仮面ライダーばりの跳躍アクションをしながら、私は着地した。
なんと自転車も奇跡的に無傷。
そして、イチカさんやシグレさんだけでなく、周りの生徒、教職員達から拍手を貰った。
「すっごぉ!!」
「おぉ、アクション系スタントマン目指せるな!」
イチカ「やるじゃんか。」
シグレ「お見事〜♪」
ミノ「あ、ど、どうも……えへへ……。」
ちなみに三人まとめて生徒指導の萩野先生にめちゃくちゃ怒られた。
ミノ「どうしよう……不良のレッテル貼られちゃったよお……。」
シグレ「ドンマイ☆」
ミノ「誰のせいだと思ってるんですか!」
ギャーギャー騒ぎながらも授業に入った。
不良だと思っていたが、シグレさんとイチカさんは物凄く頭がいい。
イチカ「……ちょろ。」
イチカさんに至っては全て終わらせてだらけていた。
教師に問題を解く事をされる度に全て模範以上の回答を出していた。
シグレさんもイチカさんほどではないがだらけていた。
というよりペン回しで風を起こしていた。
でも、私は両親に告げなくてはならない事がある。
帰り道、それを誓った。
ミノ「ただいま。」
???「おかえり、ミノ。」
スミレ「……?どうしたのミノ?」
ミノ「……父さん、もう帰ってきてる?」
スミレ「帰ってきてるわよ?呼んでくるわね。」
母さんが父さんを呼んできた。
??「どうしたミノ、学校で何か問題があったのか?」
ミノ「あのね……。」
私は包み隠さず事の経緯を全て話した。
イチカさんの事。シグレさんの事。そして、私がその復讐に加担することを。
スミレ「……それはミノが決めたことなの?」
ミノ「……うん。それでお父さんとお母さんに迷惑だろうから、朝露旅館で住み込みでバイトとかしようかなって。もしかしたら、お父さん達も危ないから。」
ジン「……なるほどな。本来ならお父さん許しませんよって言いたいところだ。だがミノ、一応聞いておく。万が一俺達に何かあっても絶対に振り向くな。その覚悟があるなら大丈夫だ。」
ミノ「……うん。
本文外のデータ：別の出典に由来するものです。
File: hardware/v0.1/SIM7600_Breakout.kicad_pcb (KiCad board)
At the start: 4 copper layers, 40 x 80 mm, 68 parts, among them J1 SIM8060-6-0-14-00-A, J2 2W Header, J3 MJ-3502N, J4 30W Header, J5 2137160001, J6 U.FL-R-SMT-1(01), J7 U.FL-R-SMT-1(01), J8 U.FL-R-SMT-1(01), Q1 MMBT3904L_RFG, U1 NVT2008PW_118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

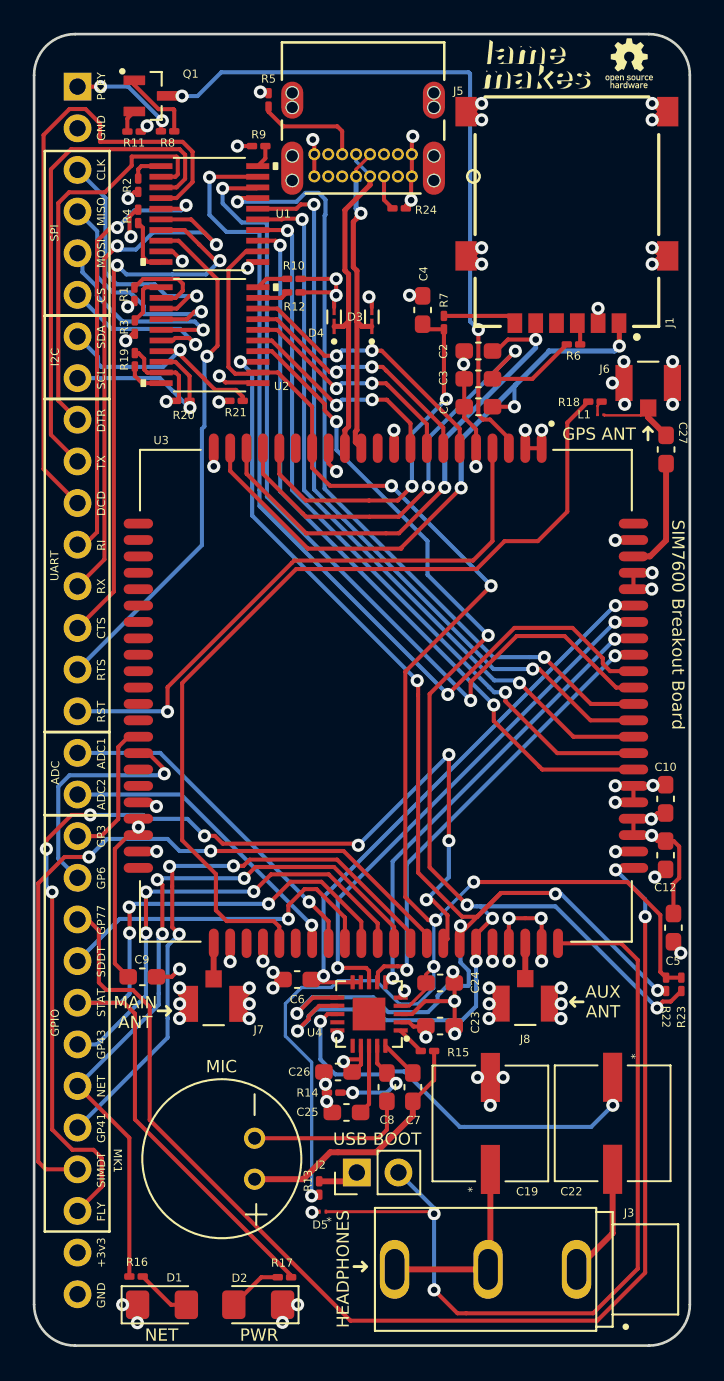
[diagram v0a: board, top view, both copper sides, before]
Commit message: Added project wide versioning, cleaned up & added PCB text
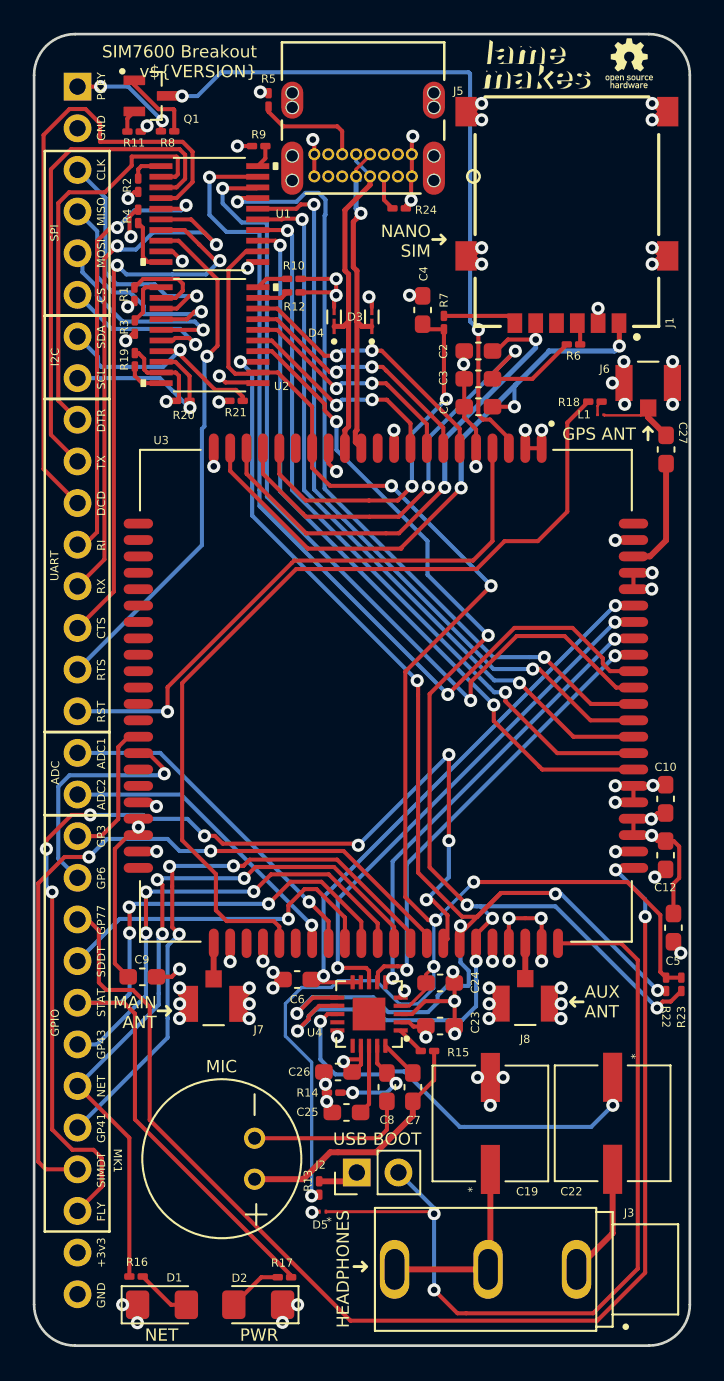
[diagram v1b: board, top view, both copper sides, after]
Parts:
- added G***: LOGO, sim7600_breakout:arrow, F.Cu at (143.7, 77.2)
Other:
- board text added: "NANO SIM"
- board text added: "SIM7600 Breakout v${VERSION}"
- board text removed: "SIM7600 Breakout Board"
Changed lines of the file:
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@@
 		)
 	)
+	(property "VERSION" "0.1")
 	(net 0 "")
 	(net 1 "/SIM_VCC")
@@
 		(at 126.13 68.44)
 		(property "Reference" "Q1"
-			(at 2.42 -1.34 0)
+			(at 2.47 1.41 0)
 			(unlocked yes)
 			(layer "F.SilkS")
@@
 		)
 	)
+	(footprint "sim7600_breakout:arrow"
+		(layer "F.Cu")
+		(at 143.7 77.2)
+		(property "Reference" "G***"
+			(at 0 -1.275 0)
+			(unlocked yes)
+			(layer "F.SilkS")
+			(hide yes)
+			(effects
+				(font
+					(size 0.5 0.5)
+					(thickness 0.075)
+				)
+			)
+		)
+		(property "Value" "LOGO"
+			(at 0.75 0 360)
+			(layer "F.SilkS")
+			(hide yes)
+			(effects
+				(font
+					(size 1.524 1.524)
+					(thickness 0.3)
+				)
+			)
+		)
+		(property "Footprint" ""
+			(at 0 0 360)
+			(layer "F.Fab")
+			(hide yes)
+			(effects
+				(font
+					(size 1.27 1.27)
+					(thickness 0.15)
+				)
+			)
+		)
+		(property "Datasheet" ""
+			(at 0 0 360)
+			(layer "F.Fab")
+			(hide yes)
+			(effects
+				(font
+					(size 1.27 1.27)
+					(thickness 0.15)
+				)
+			)
+		)
+		(property "Description" ""
+			(at 0 0 360)
+			(layer "F.Fab")
+			(hide yes)
+			(effects
+				(font
+					(size 1.27 1.27)
+					(thickness 0.15)
+				)
+			)
+		)
+		(attr board_only exclude_from_pos_files exclude_from_bom)
+		(fp_poly
+			(pts
+				(xy 0.126227 -0.360491) (xy 0.140112 -0.357103) (xy 0.153924 -0.351381) (xy 0.154416 -0.351133)
+				(xy 0.155632 -0.350501) (xy 0.156855 -0.349812) (xy 0.158161 -0.34899) (xy 0.15963 -0.34796) (xy 0.161338 -0.346647)
+				(xy 0.163363 -0.344974) (xy 0.165783 -0.342867) (xy 0.168675 -0.34025) (xy 0.172118 -0.337049) (xy 0.176189 -0.333186)
+				(xy 0.180965 -0.328588) (xy 0.186525 -0.323178) (xy 0.192946 -0.316881) (xy 0.200305 -0.309622)
+				(xy 0.208681 -0.301326) (xy 0.218152 -0.291917) (xy 0.228794 -0.281319) (xy 0.240685 -0.269457)
+				(xy 0.253904 -0.256257) (xy 0.268528 -0.241641) (xy 0.284634 -0.225536) (xy 0.302301 -0.207865)
+				(xy 0.310669 -0.199494) (xy 0.329354 -0.180805) (xy 0.346445 -0.163713) (xy 0.362015 -0.148138)
+				(xy 0.376138 -0.133999) (xy 0.388887 -0.121216) (xy 0.400338 -0.109708) (xy 0.410564 -0.099395)
+				(xy 0.41964 -0.090195) (xy 0.427638 -0.082029) (xy 0.434633 -0.074816) (xy 0.440699 -0.068476) (xy 0.445911 -0.062927)
+				(xy 0.450341 -0.058089) (xy 0.454065 -0.053882) (xy 0.457155 -0.050225) (xy 0.459687 -0.047038)
+				(xy 0.461733 -0.04424) (xy 0.463369 -0.041751) (xy 0.464668 -0.039489) (xy 0.465703 -0.037375) (xy 0.46655 -0.035327)
+				(xy 0.467282 -0.033266) (xy 0.467973 -0.031111) (xy 0.468696 -0.028781) (xy 0.469337 -0.026773)
+				(xy 0.470784 -0.021955) (xy 0.471726 -0.017603) (xy 0.47227 -0.012927) (xy 0.472524 -0.007136) (xy 0.47258 -0.002958)
+				(xy 0.472174 0.008159) (xy 0.470639 0.017989) (xy 0.467762 0.02738) (xy 0.463331 0.037177) (xy 0.461716 0.040231)
+				(xy 0.460972 0.041566) (xy 0.460162 0.042916) (xy 0.459205 0.044361) (xy 0.458026 0.045982) (xy 0.456546 0.04786)
+				(xy 0.454686 0.050074) (xy 0.452369 0.052707) (xy 0.449518 0.055838) (xy 0.446053 0.059548) (xy 0.441896 0.063919)
+				(xy 0.436971 0.06903) (xy 0.431199 0.074962) (xy 0.424501 0.081796) (xy 0.416801 0.089613) (xy 0.408019 0.098494)
+				(xy 0.398079 0.108518) (xy 0.386901 0.119767) (xy 0.374408 0.132321) (xy 0.360522 0.146262) (xy 0.345166 0.161669)
+				(xy 0.32826 0.178624) (xy 0.317759 0.189153) (xy 0.302534 0.204411) (xy 0.287675 0.219289) (xy 0.273275 0.233694)
+				(xy 0.259428 0.247531) (xy 0.246229 0.260708) (xy 0.233772 0.27313) (xy 0.22215 0.284704) (xy 0.211457 0.295337)
+				(xy 0.201789 0.304935) (xy 0.193238 0.313404) (xy 0.1859 0.320651) (xy 0.179867 0.326583) (xy 0.175235 0.331104)
+				(xy 0.172097 0.334123) (xy 0.170663 0.335448) (xy 0.158717 0.344247) (xy 0.145694 0.350941) (xy 0.137851 0.353793)
+				(xy 0.130727 0.355448) (xy 0.122255 0.356524) (xy 0.113296 0.356981) (xy 0.104711 0.356781) (xy 0.097363 0.355886)
+				(xy 0.096277 0.355657) (xy 0.082291 0.351348) (xy 0.069609 0.34508) (xy 0.058132 0.336798) (xy 0.052745 0.331817)
+				(xy 0.043545 0.321006) (xy 0.03636 0.309102) (xy 0.031255 0.296339) (xy 0.028294 0.282948) (xy 0.027541 0.269165)
+				(xy 0.029062 0.255223) (xy 0.030166 0.250261) (xy 0.031498 0.246038) (xy 0.033581 0.240597) (xy 0.036068 0.234814)
+				(xy 0.037426 0.23192) (xy 0.042891 0.220679) (xy 0.111031 0.152359) (xy 0.179171 0.08404) (xy -0.111274 0.08373)
+				(xy -0.142293 0.083696) (xy -0.171034 0.083663) (xy -0.197587 0.08363) (xy -0.22204 0.083597) (xy -0.244483 0.083562)
+				(xy -0.265005 0.083524) (xy -0.283695 0.083484) (xy -0.300641 0.083441) (xy -0.315934 0.083393)
+				(xy -0.329661 0.08334) (xy -0.341913 0.083281) (xy -0.352778 0.083216) (xy -0.362344 0.083143) (xy -0.370702 0.083063)
+				(xy -0.377941 0.082974) (xy -0.384148 0.082875) (xy -0.389414 0.082767) (xy -0.393828 0.082647)
+				(xy -0.397478 0.082517) (xy -0.400453 0.082373) (xy -0.402844 0.082217) (xy -0.404738 0.082047)
+				(xy -0.406224 0.081863) (xy -0.407393 0.081663) (xy -0.408332 0.081448) (xy -0.408818 0.081312)
+				(xy -0.422421 0.076106) (xy -0.434791 0.069016) (xy -0.445756 0.060216) (xy -0.455142 0.049881)
+				(xy -0.462778 0.038185) (xy -0.468491 0.025303) (xy -0.470451 0.018932) (xy -0.471744 0.011974)
+				(xy -0.47244 0.003619) (xy -0.472536 -0.005262) (xy -0.472029 -0.013794) (xy -0.470917 -0.021107)
+				(xy -0.470586 -0.022482) (xy -0.469144 -0.02699) (xy -0.466955 -0.032666) (xy -0.464387 -0.038593)
+				(xy -0.463051 -0.041412) (xy -0.456158 -0.052813) (xy -0.44737 -0.063021) (xy -0.43694 -0.07183)
+				(xy -0.425126 -0.079032) (xy -0.412183 -0.084421) (xy -0.408647 -0.085504) (xy -0.399352 -0.088145)
+				(xy -0.110102 -0.088471) (xy 0.179149 -0.088796) (xy 0.110473 -0.157696) (xy 0.098167 -0.170043)
+				(xy 0.087419 -0.180837) (xy 0.078113 -0.1902) (xy 0.070136 -0.198254) (xy 0.063375 -0.205122) (xy 0.057714 -0.210926)
+				(xy 0.053041 -0.215788) (xy 0.04924 -0.219832) (xy 0.046199 -0.223178) (xy 0.043803 -0.225951) (xy 0.041938 -0.228271)
+				(xy 0.04049 -0.230262) (xy 0.039346 -0.232045) (xy 0.038391 -0.233744) (xy 0.03751 -0.235481) (xy 0.036941 -0.236654)
+				(xy 0.031432 -0.250464) (xy 0.028283 -0.264219) (xy 0.02749 -0.277976) (xy 0.029049 -0.291793) (xy 0.032509 -0.304468)
+				(xy 0.037902 -0.316484) (xy 0.045301 -0.32765) (xy 0.054412 -0.337674) (xy 0.06494 -0.346262) (xy 0.076591 -0.353122)
+				(xy 0.084866 -0.356601) (xy 0.098531 -0.360246) (xy 0.112342 -0.361541)
+			)
+			(stroke
+				(width 0)
+				(type solid)
+			)
+			(fill solid)
+			(layer "F.SilkS")
+		)
+	)
 	(footprint "Resistor_SMD:R_0201_0603Metric_Pad0.64x0.40mm_HandSolder"
 		(layer "F.Cu")
@@
 		)
 	)
-	(gr_text "SIM7600 Breakout Board"
-		(at 158.275 100.7 270)
+	(gr_text "NANO\nSIM"
+		(at 143.2 77.3 0)
+		(layer "F.SilkS")
+		(effects
+			(font
+				(size 0.75 0.75)
+				(thickness 0.15)
+			)
+			(justify right)
+		)
+	)
+	(gr_text "SIM7600 Breakout\nv${VERSION}"
+		(at 132.6 66.35 0)
 		(layer "F.SilkS")
 		(effects
@@
 				(thickness 0.15)
 			)
+			(justify right)
 		)
 	)
@@
 	)
 	(gr_text "MAIN\nANT"
-		(at 125.175 124.35 0)
+		(at 126.481509 124.35 0)
 		(layer "F.SilkS")
 		(effects
@@
 				(thickness 0.15)
 			)
+			(justify right)
 		)
 	)
@@
 	)
 	(gr_text "AUX\nANT"
-		(at 153.7 123.7 0)
+		(at 152.57244 123.7 0)
 		(layer "F.SilkS")
 		(effects
@@
 				(thickness 0.15)
 			)
+			(justify left)
 		)
 	)

私、あの二人は友達だから!」
スミレ「……ちょっと悲しいわね、子供が一人立ちするのは。」
そう言って母さんは頭を撫でてくれた。
ジン「ミノ、ミノが正しいと思ったからそうしようとしたのなら、俺や母さんがそれを否定する理由は無い。胸を張ってめいいっぱい頑張ってくれ!」
父さんもちょっと乱暴ながらわしゃわしゃと頭を撫でてくれた。
ミノ「ありがとう、私強くなるからきっと……!」
いざ覚悟はしてたがこうして面と向かって言うと……泣きそうになった。
そして、私は両親から後押しされ、覚悟を決めて荷物をまとめ、朝露旅館へと向かった。
??「いらっしゃいませ。ようこそ、朝露旅館へ。」
今日は番台の人が違った。
ミノ「ゼルさん、シラナさんは今日居ますか?」
ゼル・クロシェフィールド。日系ハーフのアメリカ人で、日本人の特徴を強く持っているアメリカの人だ。この人は長女で下の妹は三人いるらしく、全員朝露旅館の構成員の一人らしい。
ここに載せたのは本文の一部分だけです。